--- THE TASK ---
Take the line with "#18404 = CARTESIAN_POINT" as the first line and the last line of the data as the final one. Write out those lines exactly, and no others.

--- EXTRACTED ENTRIES Enclosed Below ---

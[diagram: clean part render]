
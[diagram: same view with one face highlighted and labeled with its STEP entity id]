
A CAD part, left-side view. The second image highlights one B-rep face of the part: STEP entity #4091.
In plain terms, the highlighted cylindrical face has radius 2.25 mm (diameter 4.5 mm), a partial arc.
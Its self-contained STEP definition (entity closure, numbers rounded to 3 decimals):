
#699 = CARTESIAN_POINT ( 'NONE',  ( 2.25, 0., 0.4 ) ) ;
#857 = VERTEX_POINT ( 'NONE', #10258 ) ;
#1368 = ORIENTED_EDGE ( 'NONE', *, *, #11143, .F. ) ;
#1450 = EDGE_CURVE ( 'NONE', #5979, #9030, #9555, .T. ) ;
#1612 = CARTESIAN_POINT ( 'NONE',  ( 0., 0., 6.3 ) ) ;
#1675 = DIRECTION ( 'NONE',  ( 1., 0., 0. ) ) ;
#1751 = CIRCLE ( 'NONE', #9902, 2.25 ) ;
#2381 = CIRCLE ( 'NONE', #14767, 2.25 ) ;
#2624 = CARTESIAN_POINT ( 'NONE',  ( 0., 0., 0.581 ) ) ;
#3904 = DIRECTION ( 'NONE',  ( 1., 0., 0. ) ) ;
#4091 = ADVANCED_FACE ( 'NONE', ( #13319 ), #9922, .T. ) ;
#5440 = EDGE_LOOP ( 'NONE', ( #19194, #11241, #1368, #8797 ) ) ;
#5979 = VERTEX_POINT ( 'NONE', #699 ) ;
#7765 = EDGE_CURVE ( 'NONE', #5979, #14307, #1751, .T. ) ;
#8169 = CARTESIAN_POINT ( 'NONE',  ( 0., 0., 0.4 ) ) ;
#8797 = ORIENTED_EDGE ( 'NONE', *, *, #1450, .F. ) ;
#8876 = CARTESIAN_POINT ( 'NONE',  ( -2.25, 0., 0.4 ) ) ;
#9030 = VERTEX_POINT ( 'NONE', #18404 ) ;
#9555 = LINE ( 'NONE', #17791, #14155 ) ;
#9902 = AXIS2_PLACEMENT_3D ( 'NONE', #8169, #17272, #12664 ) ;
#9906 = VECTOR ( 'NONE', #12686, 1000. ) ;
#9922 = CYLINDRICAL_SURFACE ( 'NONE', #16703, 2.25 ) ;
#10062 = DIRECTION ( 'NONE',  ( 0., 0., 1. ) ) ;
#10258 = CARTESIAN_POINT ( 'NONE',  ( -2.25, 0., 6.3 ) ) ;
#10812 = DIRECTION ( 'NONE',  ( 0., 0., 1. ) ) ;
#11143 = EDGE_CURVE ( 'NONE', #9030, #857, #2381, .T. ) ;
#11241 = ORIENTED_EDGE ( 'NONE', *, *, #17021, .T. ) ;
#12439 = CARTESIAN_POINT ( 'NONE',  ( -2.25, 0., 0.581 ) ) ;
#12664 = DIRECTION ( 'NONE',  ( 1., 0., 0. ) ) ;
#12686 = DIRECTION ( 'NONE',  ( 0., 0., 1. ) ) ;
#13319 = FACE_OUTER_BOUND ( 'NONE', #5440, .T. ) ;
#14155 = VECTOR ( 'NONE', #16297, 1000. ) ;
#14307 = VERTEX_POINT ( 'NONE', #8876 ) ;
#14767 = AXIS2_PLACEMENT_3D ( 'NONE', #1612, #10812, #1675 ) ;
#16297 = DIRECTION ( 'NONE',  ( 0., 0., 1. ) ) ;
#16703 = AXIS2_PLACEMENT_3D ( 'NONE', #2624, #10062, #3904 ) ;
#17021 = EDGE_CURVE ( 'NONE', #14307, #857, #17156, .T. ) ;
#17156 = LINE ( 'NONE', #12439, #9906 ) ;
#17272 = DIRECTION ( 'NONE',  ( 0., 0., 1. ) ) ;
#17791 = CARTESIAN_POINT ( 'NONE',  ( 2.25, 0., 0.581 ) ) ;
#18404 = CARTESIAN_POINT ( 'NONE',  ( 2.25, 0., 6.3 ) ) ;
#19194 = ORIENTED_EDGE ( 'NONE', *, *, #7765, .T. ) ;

--- End of Enclosed EXTRACTED ENTRIES ---

--- ANSWER SPACE ---
#18404 = CARTESIAN_POINT ( 'NONE',  ( 2.25, 0., 6.3 ) ) ;
#19194 = ORIENTED_EDGE ( 'NONE', *, *, #7765, .T. ) ;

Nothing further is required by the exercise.